Health-care battle rages on

Push for competition won't bring two tiers, Smith says

Wildrose Leader Danielle Smith fended off accusations Friday that her party's push for more competitive health care would create a two-tiered system that would see top doctors move to private facilities and wealthy patients receive better care.

Smith said the system already features private operators, including family physicians and clinics that do cataract surgery.

Her party wants to encourage more independent facilities, creating a greater mix of public and private that would create incentives among all providers to reduce costs and bring wait times down, she said.

"If we can have additional choice in our health-care system, it will create best practices that can filter into the public hospital environment so they can become higher performing," she said at Calgary's Fountains of Mission seniors home.

"I look at this as saving our public health-care system. Our priority is to have a public system that works. But in the meantime, we can't afford to have our seniors waiting years for the system to magically get its act together doing the same things it's always done."

Rival parties jumped on the Wildrose position, arguing the health-care system should not be forced to survive in a competitive market.

NDP Leader Brian Mason said he's so concerned by Smith's approach that his party will make the defence of public health care the focus of its election campaign.

"This is going be the thrust and the theme of our campaign from now on. We need to make sure that this election is about health care," Mason said in Edmonton.

"Danielle Smith has thrown down the gauntlet, and we'll pick it up."

Voters can't trust Conservative Leader Alison Redford to protect public health care, given the track record of previous Tory premiers such as Ralph Klein and Ed Stelmach, Mason said.

"This PC party, to its very marrow, believes in private health care. All (Redford) will say is that she wants publicly funded health care," Mason said. "What does she mean? She means that we will use taxpayers' money to fund their friends in private business to deliver health care."

Liberal Leader Raj Sherman said he's also worried about the PC and Wildrose platforms.

It's clear both right-of-centre parties don't understand how the health system really works, he said.

Redford denied her party has a hidden agenda for further privatization. Alberta already has a system in which doctors can have their own offices "but that's about as far as we go," she said. The Tories are planning more long-term and continuing care with different types of accommodation, yet every senior will receive the same level of health services in those facilities, Redford said. Earlier this week, she argued the Wildrose approach of encouraging more private delivery and competition goes too far.

"What does competition look like in a system like that? You're going to end up with a system where people are going to find opportunities to create a different set of health services for people that can afford to pay, and people that can't afford to pay are going to end up suffering."

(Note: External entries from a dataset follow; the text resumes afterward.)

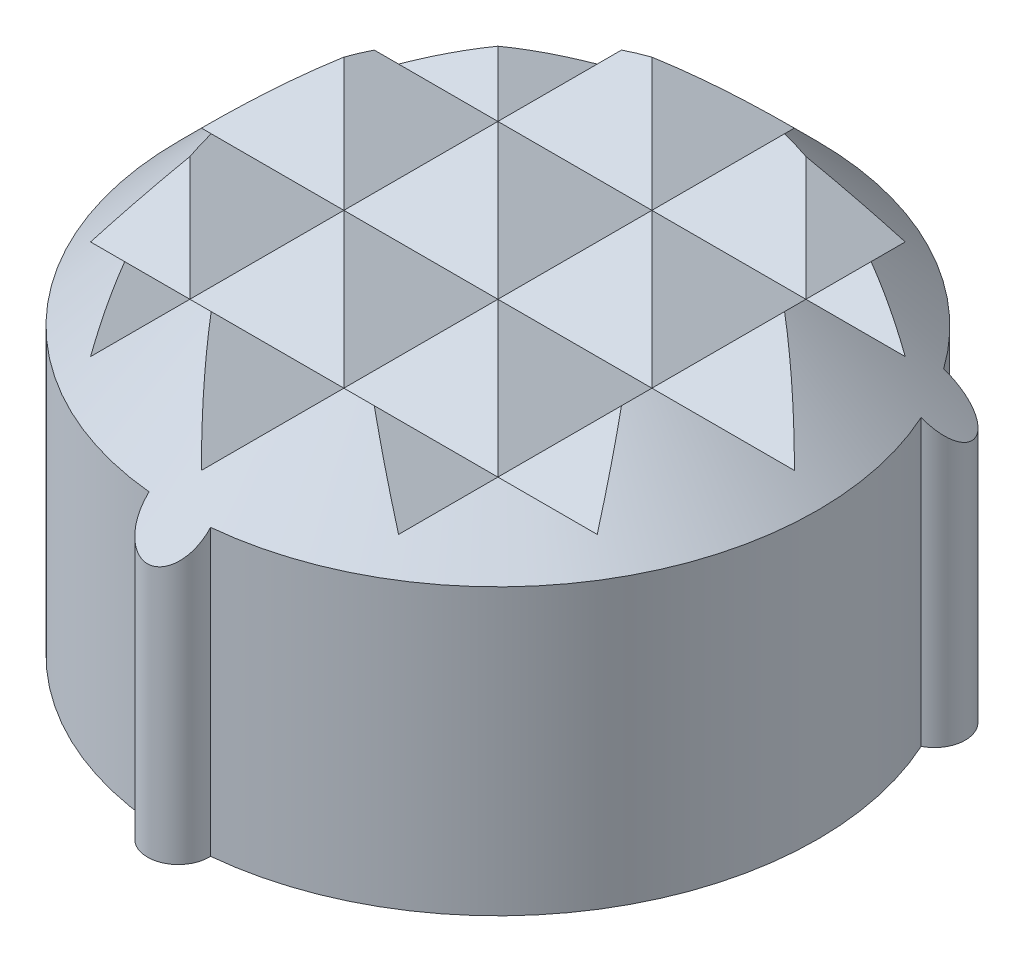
from build123d import *

# Parameters (mm, degrees)
SKETCH1_W             = 4.55
SKETCH1_H             = 5
SKETCH2_R             = 5.05
EXTRUDE1_DEPTH        = 9.14892631
EXTRUDE2_DEPTH        = 8.932528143
LPATTERN1_COUNT       = 8
LPATTERN1_PITCH       = 2
LPATTERN1_COUNT_DIR2  = 8
LPATTERN1_PITCH_DIR2  = 2
MIRROR1_COPY_1_DEPTH  = 8.932528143
MIRROR1_COPY_2_DEPTH  = 8.932528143
MIRROR1_COPY_3_DEPTH  = 8.932528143
MIRROR1_COPY_4_DEPTH  = 8.932528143
MIRROR1_COPY_5_DEPTH  = 8.932528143
MIRROR1_COPY_6_DEPTH  = 8.932528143
MIRROR1_COPY_7_DEPTH  = 8.932528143
MIRROR1_COPY_8_DEPTH  = 8.932528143
MIRROR1_COPY_9_DEPTH  = 8.932528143
MIRROR1_COPY_10_DEPTH = 8.932528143
MIRROR1_COPY_11_DEPTH = 8.932528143
MIRROR1_COPY_12_DEPTH = 8.932528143
MIRROR1_COPY_13_DEPTH = 8.932528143
MIRROR1_COPY_14_DEPTH = 8.932528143
MIRROR1_COPY_15_DEPTH = 8.932528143
MIRROR1_COPY_16_DEPTH = 8.932528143
MIRROR1_COPY_17_DEPTH = 8.932528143
MIRROR1_COPY_18_DEPTH = 8.932528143
MIRROR1_COPY_19_DEPTH = 8.932528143
MIRROR1_COPY_20_DEPTH = 8.932528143
MIRROR1_COPY_21_DEPTH = 8.932528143
MIRROR1_COPY_22_DEPTH = 8.932528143
MIRROR1_COPY_23_DEPTH = 8.932528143
MIRROR1_COPY_24_DEPTH = 8.932528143
MIRROR1_COPY_25_DEPTH = 8.932528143
MIRROR1_COPY_26_DEPTH = 8.932528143
MIRROR1_COPY_27_DEPTH = 8.932528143
MIRROR1_COPY_28_DEPTH = 8.932528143
MIRROR1_COPY_29_DEPTH = 8.932528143
MIRROR1_COPY_30_DEPTH = 8.932528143
MIRROR1_COPY_31_DEPTH = 8.932528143
MIRROR1_COPY_32_DEPTH = 8.932528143
MIRROR1_COPY_33_DEPTH = 8.932528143
MIRROR1_COPY_34_DEPTH = 8.932528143
MIRROR1_COPY_35_DEPTH = 8.932528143
MIRROR1_COPY_36_DEPTH = 8.932528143
MIRROR1_COPY_37_DEPTH = 8.932528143
MIRROR1_COPY_38_DEPTH = 8.932528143
MIRROR1_COPY_39_DEPTH = 8.932528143
MIRROR1_COPY_40_DEPTH = 8.932528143
MIRROR1_COPY_41_DEPTH = 8.932528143
MIRROR1_COPY_42_DEPTH = 8.932528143
MIRROR1_COPY_43_DEPTH = 8.932528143
MIRROR1_COPY_44_DEPTH = 8.932528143
MIRROR1_COPY_45_DEPTH = 8.932528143
MIRROR1_COPY_46_DEPTH = 8.932528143
MIRROR1_COPY_47_DEPTH = 8.932528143
MIRROR1_COPY_48_DEPTH = 8.932528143
MIRROR1_COPY_49_DEPTH = 8.932528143
MIRROR1_COPY_50_DEPTH = 8.932528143
MIRROR1_COPY_51_DEPTH = 8.932528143
MIRROR1_COPY_52_DEPTH = 8.932528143
MIRROR1_COPY_53_DEPTH = 8.932528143
MIRROR1_COPY_54_DEPTH = 8.932528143
MIRROR1_COPY_55_DEPTH = 8.932528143
MIRROR1_COPY_56_DEPTH = 8.932528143
MIRROR1_COPY_57_DEPTH = 8.932528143
MIRROR1_COPY_58_DEPTH = 8.932528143
MIRROR1_COPY_59_DEPTH = 8.932528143
MIRROR1_COPY_60_DEPTH = 8.932528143
MIRROR1_COPY_61_DEPTH = 8.932528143
MIRROR1_COPY_62_DEPTH = 8.932528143
MIRROR1_COPY_63_DEPTH = 8.932528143


with BuildPart() as part:
    # Sketch1 → Revolve1 (revolve)
    with BuildSketch(Plane.XY, mode=Mode.PRIVATE) as revolve1_sk:
        with Locations((2.275, 2.5)):
            Rectangle(SKETCH1_W, SKETCH1_H)
    revolve(revolve1_sk.sketch.rotate(Axis((0, 0, 0), (0, -1, 0)), 90), axis=Axis((0, 0, 0), (0, -1, 0)))

    # Sketch2 → Extrude1 (cut, through all)
    with BuildSketch(Plane(origin=(0, 0, 0), x_dir=(1, 0, 0), z_dir=(0, 1, 0))):
        Circle(SKETCH2_R)
        with BuildLine():
            ThreePointArc((0.399535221, -4.130722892), (3.594005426, -2.075), (3.777078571, 1.719353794))
            ThreePointArc((3.777078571, 1.719353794), (3.940415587, 2.275), (3.377543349, 2.411369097))
            ThreePointArc((3.377543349, 2.411369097), (0, 4.15), (-3.377543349, 2.411369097))
            ThreePointArc((-3.377543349, 2.411369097), (-3.940415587, 2.275), (-3.777078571, 1.719353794))
            ThreePointArc((-3.777078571, 1.719353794), (-3.594005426, -2.075), (-0.399535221, -4.130722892))
            ThreePointArc((-0.399535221, -4.130722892), (0, -4.55), (0.399535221, -4.130722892))
        make_face(mode=Mode.SUBTRACT)
    extrude(amount=EXTRUDE1_DEPTH, mode=Mode.SUBTRACT)

    # Sketch6 → Cut-Revolve1 (revolve, cut)
    with BuildSketch(Plane(origin=(0, 0, 0), x_dir=(0, 0, -1), z_dir=(1, 0, 0)), mode=Mode.PRIVATE) as cut_revolve1_sk:
        Polygon((-6.85, 1), (-6.85, 5), (-2.85, 5), align=None)
    revolve(cut_revolve1_sk.sketch.rotate(Axis((0, 0, 0), (0, 1, 0)), 180), axis=Axis((0, 0, 0), (0, 1, 0)), mode=Mode.SUBTRACT)

    # Sketch5 → Extrude2 (cut, symmetric)
    with BuildSketch(Plane.XY):
        Polygon((1, 5), (0, 4), (-1, 5), align=None)
    extrude2 = extrude(amount=EXTRUDE2_DEPTH, both=True, mode=Mode.SUBTRACT)

    # LPattern1: Extrude2 8 × 8
    with Locations(*[Vector(-1, 0, 0) * (i * LPATTERN1_PITCH) + Vector(1, 0, 0) * (j * LPATTERN1_PITCH_DIR2) for i in range(LPATTERN1_COUNT) for j in range(LPATTERN1_COUNT_DIR2) if (i, j) != (0, 0)]):
        add(extrude2, mode=Mode.SUBTRACT)

    # Mirror1: Extrude2 across plane
    add(extrude2.mirror(Plane(origin=(0, 0, 0), x_dir=(-0.7071067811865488, 0, 0.7071067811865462), z_dir=(0.7071067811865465, 0, 0.7071067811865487))), mode=Mode.SUBTRACT)

    # Mirror1 copy 1 sketch → Mirror1 copy 1 (cut, symmetric)
    with BuildSketch(Plane(origin=(0, 0, -2), x_dir=(0, 0, -1), z_dir=(-1, 0, 0))):
        Polygon((1, -5), (0, -4), (-1, -5), align=None)
    extrude(amount=MIRROR1_COPY_1_DEPTH, both=True, mode=Mode.SUBTRACT)

    # Mirror1 copy 2 sketch → Mirror1 copy 2 (cut, symmetric)
    with BuildSketch(Plane(origin=(0, 0, -4), x_dir=(0, 0, -1), z_dir=(-1, 0, 0))):
        Polygon((1, -5), (0, -4), (-1, -5), align=None)
    extrude(amount=MIRROR1_COPY_2_DEPTH, both=True, mode=Mode.SUBTRACT)

    # Mirror1 copy 3 sketch → Mirror1 copy 3 (cut, symmetric)
    with BuildSketch(Plane(origin=(0, 0, -6), x_dir=(0, 0, -1), z_dir=(-1, 0, 0))):
        Polygon((1, -5), (0, -4), (-1, -5), align=None)
    extrude(amount=MIRROR1_COPY_3_DEPTH, both=True, mode=Mode.SUBTRACT)

    # Mirror1 copy 4 sketch → Mirror1 copy 4 (cut, symmetric)
    with BuildSketch(Plane(origin=(0, 0, -8), x_dir=(0, 0, -1), z_dir=(-1, 0, 0))):
        Polygon((1, -5), (0, -4), (-1, -5), align=None)
    extrude(amount=MIRROR1_COPY_4_DEPTH, both=True, mode=Mode.SUBTRACT)

    # Mirror1 copy 5 sketch → Mirror1 copy 5 (cut, symmetric)
    with BuildSketch(Plane(origin=(0, 0, -10), x_dir=(0, 0, -1), z_dir=(-1, 0, 0))):
        Polygon((1, -5), (0, -4), (-1, -5), align=None)
    extrude(amount=MIRROR1_COPY_5_DEPTH, both=True, mode=Mode.SUBTRACT)

    # Mirror1 copy 6 sketch → Mirror1 copy 6 (cut, symmetric)
    with BuildSketch(Plane(origin=(0, 0, -12), x_dir=(0, 0, -1), z_dir=(-1, 0, 0))):
        Polygon((1, -5), (0, -4), (-1, -5), align=None)
    extrude(amount=MIRROR1_COPY_6_DEPTH, both=True, mode=Mode.SUBTRACT)

    # Mirror1 copy 7 sketch → Mirror1 copy 7 (cut, symmetric)
    with BuildSketch(Plane(origin=(0, 0, -14), x_dir=(0, 0, -1), z_dir=(-1, 0, 0))):
        Polygon((1, -5), (0, -4), (-1, -5), align=None)
    extrude(amount=MIRROR1_COPY_7_DEPTH, both=True, mode=Mode.SUBTRACT)

    # Mirror1 copy 8 sketch → Mirror1 copy 8 (cut, symmetric)
    with BuildSketch(Plane(origin=(0, 0, 2), x_dir=(0, 0, -1), z_dir=(-1, 0, 0))):
        Polygon((1, -5), (0, -4), (-1, -5), align=None)
    extrude(amount=MIRROR1_COPY_8_DEPTH, both=True, mode=Mode.SUBTRACT)

    # Mirror1 copy 9 sketch → Mirror1 copy 9 (cut, symmetric)
    with BuildSketch(Plane(origin=(0, 0, 0), x_dir=(0, 0, -1), z_dir=(-1, 0, 0))):
        Polygon((1, -5), (0, -4), (-1, -5), align=None)
    extrude(amount=MIRROR1_COPY_9_DEPTH, both=True, mode=Mode.SUBTRACT)

    # Mirror1 copy 10 sketch → Mirror1 copy 10 (cut, symmetric)
    with BuildSketch(Plane(origin=(0, 0, -2), x_dir=(0, 0, -1), z_dir=(-1, 0, 0))):
        Polygon((1, -5), (0, -4), (-1, -5), align=None)
    extrude(amount=MIRROR1_COPY_10_DEPTH, both=True, mode=Mode.SUBTRACT)

    # Mirror1 copy 11 sketch → Mirror1 copy 11 (cut, symmetric)
    with BuildSketch(Plane(origin=(0, 0, -4), x_dir=(0, 0, -1), z_dir=(-1, 0, 0))):
        Polygon((1, -5), (0, -4), (-1, -5), align=None)
    extrude(amount=MIRROR1_COPY_11_DEPTH, both=True, mode=Mode.SUBTRACT)

    # Mirror1 copy 12 sketch → Mirror1 copy 12 (cut, symmetric)
    with BuildSketch(Plane(origin=(0, 0, -6), x_dir=(0, 0, -1), z_dir=(-1, 0, 0))):
        Polygon((1, -5), (0, -4), (-1, -5), align=None)
    extrude(amount=MIRROR1_COPY_12_DEPTH, both=True, mode=Mode.SUBTRACT)

    # Mirror1 copy 13 sketch → Mirror1 copy 13 (cut, symmetric)
    with BuildSketch(Plane(origin=(0, 0, -8), x_dir=(0, 0, -1), z_dir=(-1, 0, 0))):
        Polygon((1, -5), (0, -4), (-1, -5), align=None)
    extrude(amount=MIRROR1_COPY_13_DEPTH, both=True, mode=Mode.SUBTRACT)

    # Mirror1 copy 14 sketch → Mirror1 copy 14 (cut, symmetric)
    with BuildSketch(Plane(origin=(0, 0, -10), x_dir=(0, 0, -1), z_dir=(-1, 0, 0))):
        Polygon((1, -5), (0, -4), (-1, -5), align=None)
    extrude(amount=MIRROR1_COPY_14_DEPTH, both=True, mode=Mode.SUBTRACT)

    # Mirror1 copy 15 sketch → Mirror1 copy 15 (cut, symmetric)
    with BuildSketch(Plane(origin=(0, 0, -12), x_dir=(0, 0, -1), z_dir=(-1, 0, 0))):
        Polygon((1, -5), (0, -4), (-1, -5), align=None)
    extrude(amount=MIRROR1_COPY_15_DEPTH, both=True, mode=Mode.SUBTRACT)

    # Mirror1 copy 16 sketch → Mirror1 copy 16 (cut, symmetric)
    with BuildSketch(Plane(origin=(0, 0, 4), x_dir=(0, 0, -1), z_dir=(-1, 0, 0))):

Smith said the Wildrose plan would ensure medical treatments are publicly funded, no matter where they are done.

Private operators wouldn't be allowed any extra billing and would be paid for procedures at the same rate as the cost in a public hospital.

Some health policy experts suggest there would be nothing to stop private clinics from offering patients nonmedical services that could accompany their surgery. This would allow the clinics to make extra money, potentially letting them pay doctors and nurses more than the public system offers.

They also tend to focus on the easiest, cheapest types of procedures, leaving the more complicated and costlier surgery to hospitals, some experts say. They also may not pay union wages.

This leads to concerns such advantages will push the top doctors and nurses to work at independent clinics.

"There's not enough frontline staff as it is. Opening a private, shadow system would only take those limited resources away from public system," said Guy Smith, president of the Alberta Union of Provincial Employees.

His union represents between 35,000 and 40,000 health-care workers in the public sector.

"I think it's a very dangerous move for the Wildrose to do this, but at least they're showing their true colours."

Smith said her expectation is that many health practitioners would wind up working for both public and private operators.

She said a number of doctors want more surgical time than they receive in hospitals and would welcome the opportunity for more. As well, part-time nurses could get additional hours at private facilities.

Political scientist John Church, who studies health-care policy at the University of Alberta, questioned if costs and quality can be controlled under the Wildrose policy.

He also wants to know if it would actually lead to quicker access to a new range of services.

Even if capacity is added, and competition is encouraged through public and private delivery, there's still a limited supply of health-care workers, Church said.

Becoming overly reliant on private operators can be a problem, he added, if the company suddenly goes out of business or other complications ensue.